Mwanzo Millinga

“I handed them a frame they could hold however they liked, as a symbol of their confined, restricted life. I believe beauty is the product of two elements: inner beauty, which includes personality, intelligence, grace, politeness, charisma, integrity and elegance; and physical beauty, including health, youth, facial symmetry and complexion. Albinos are no exception to such criteria and deserve to be loved for what they are: beautiful.”

Born in June 1967, Mwanzo Millinga has been practicing photography since 1994 and currently teaches at the Flame Tree Media Trust in Dar es Salaam, Tanzania. An admirer of Picasso’s “tridimensional” paintings, he quotes Sebastião Salgado as one of his influences – particularly his work on Brazilian miners – together with Henri Cartier-Bresson, with whom he shares the quest for the “decisive moment”. He usually works with natural lighting, to render the atmosphere of the scenes he photographs at their best.

“It’s because I admired their beauty that I was driven to photograph people who suffer from albinism, a hereditary pigmentation defect characterised by extremely pale hair, eyes and skin. Due to their fragile nature, they often die around the age of 40, usually from skin cancer or sunburn. They are also affected by other ailments such as nystagmus, a form of short, discontinuous involuntary eye movements. They are persecuted in countries such as Tanzania, where the belief that albinos have magical powers still lives on.

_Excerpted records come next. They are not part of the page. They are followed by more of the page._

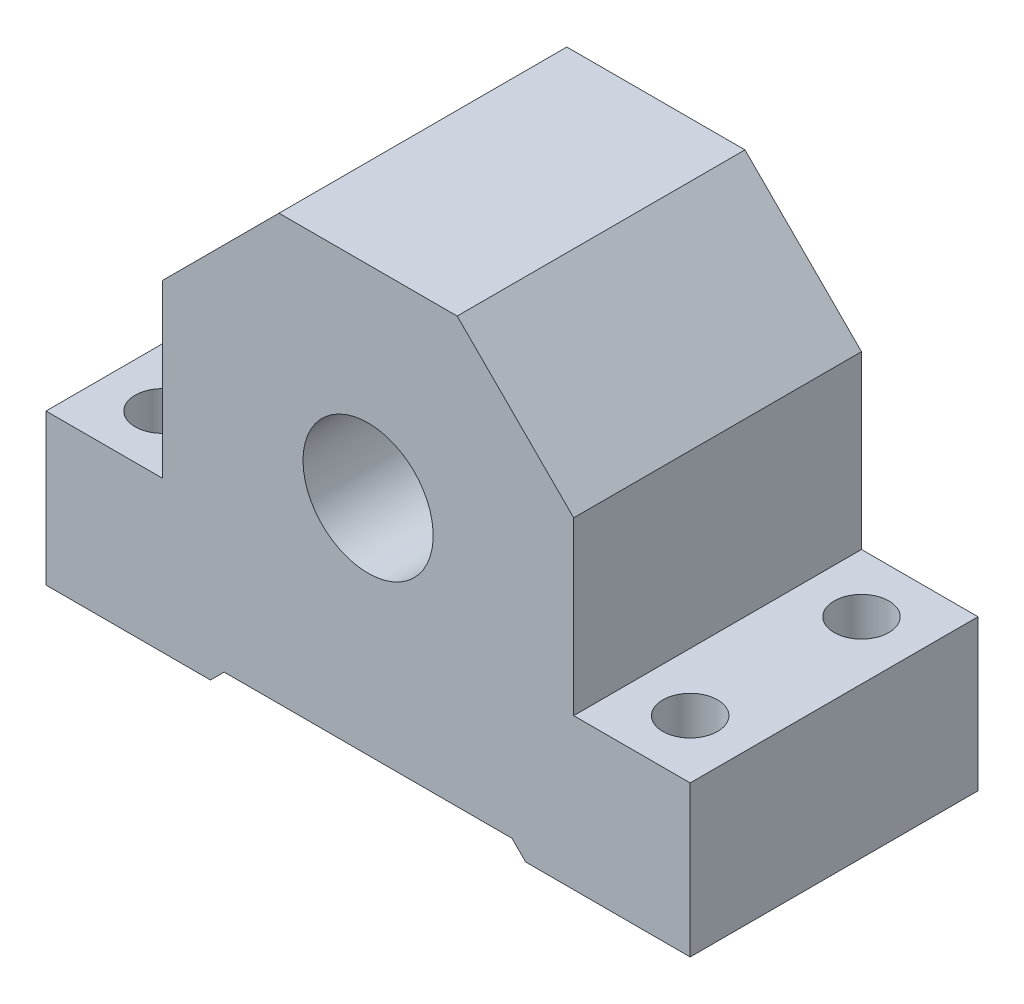
SolidWorks part; units mm, degrees
ref_plane "Płaszczyzna przednia" through (0, 0, 0) normal (0, 0, 1) x (1, 0, 0)
ref_plane "Płaszczyzna górna" through (0, 0, 0) normal (0, 1, 0) x (1, 0, 0)
ref_plane "Płaszczyzna prawa" through (0, 0, 0) normal (1, 0, 0) x (0, 0, -1)
sketch "Szkic1" plane through (0, 0, 0) normal (0, 0, 1) x (1, 0, 0)
  line L0 (-47, 11) -> (-30, 11)
  line L2 (47, -11) -> (47, 11)
  line L4 (-47, -11) -> (-47, 11)
  line L5 (47, -11) -> (-47, 11) construction
  line L6 (47, 11) -> (-47, -11) construction
  line L7 (-30, 11) -> (-30, 36)
  line L8 (-30, 36) -> (-13, 53)
  line L9 (-13, 53) -> (13, 53)
  line L10 (13, 53) -> (30, 36)
  line L11 (30, 36) -> (30, 11)
  line L12 (30, 11) -> (47, 11)
  line L13 (-47, -11) -> (-23, -11)
  line L14 (-23, -11) -> (-21, -9)
  line L15 (-21, -9) -> (21, -9)
  line L16 (21, -9) -> (23, -11)
  line L17 (23, -11) -> (47, -11)
  point P0 (0, 0)
  point P5 (0, 0)
  point P18 (35, -11)
  dimension "D1" = 94
  dimension "D2" = 26
  dimension "D3" = 26
  dimension "D4" = 135
  dimension "D5" = 135
  dimension "D6" = 17
  dimension "D7" = 26
  dimension "D8" = 2
  dimension "D9" = 135
  dimension "D10" = 135
  dimension "D11" = 64
  dimension "D12" = 22
  dimension "D13" = 60
  dimension "D14" = 17
  dimension "D15" = 17
extrude "Dodanie-wyciągnięcie1" add sketch "Szkic1" along normal blind 42
sketch "Szkic2" plane through (0, 0, 0) normal (0, 0, -1) x (-1, 0, 0)
  line L0 (-13, 53) -> (13, 53) construction
  circle A0 centre (0, 23.5) radius 9.5
  point P4 (0, 0)
  point P6 (0, 0)
  dimension "D1" = 29.5
  dimension "D2" = 19
extrude "Wytnij-wyciągnięcie1" cut sketch "Szkic2" against normal blind 42
sketch "Szkic3" plane through (0, 11, 0) normal (0, 1, 0) x (1, 0, 0)
  line L0 (-30, 0) -> (-47, 0) construction
  line L1 (-47, -42) -> (-47, 0) construction
  line L2 (-30, -42) -> (-47, -42) construction
  line L3 (47, -42) -> (47, 0) construction
  line L6 (47, 0) -> (30, 0) construction
  line L7 (47, -42) -> (30, -42) construction
  circle A0 centre (-38.5, -8.5) radius 4
  circle A1 centre (-38.5, -33.5) radius 4
  circle A2 centre (38.5, -33.5) radius 4
  circle A3 centre (38.5, -8.5) radius 4
  dimension "D1" = 8.5
  dimension "D9" = 8
  dimension "D10" = 8
  dimension "D11" = 8
  dimension "D12" = 8
  dimension "D2" = 8.5
  dimension "D3" = 8.5
  dimension "D4" = 8.5
  dimension "D5" = 8.5
  dimension "D6" = 8.5
  dimension "D7" = 8.5
  dimension "D8" = 8.5
extrude "Wytnij-wyciągnięcie2" cut sketch "Szkic3" against normal blind 22

In the Great Lakes region bordering Burundi, charlatans peddle charms and potions to miners and fishermen, made out of bits of albino skin, hair or body parts with the promise of striking gold or making a miraculous catch. To secure source material for their ghastly business, witchdoctors pay killers to track down albinos all over the country.

Some 57 people with albinism have been murdered in Tanzania in recent years. Living in permanent insecurity, the albinos of this country have no choice but to stay inside their homes, unable to work or sustain themselves. So I went to document those who ran away from their homes and found refuge at the Kabanaga Disabled Centre in Kasulu, Kigoma Province.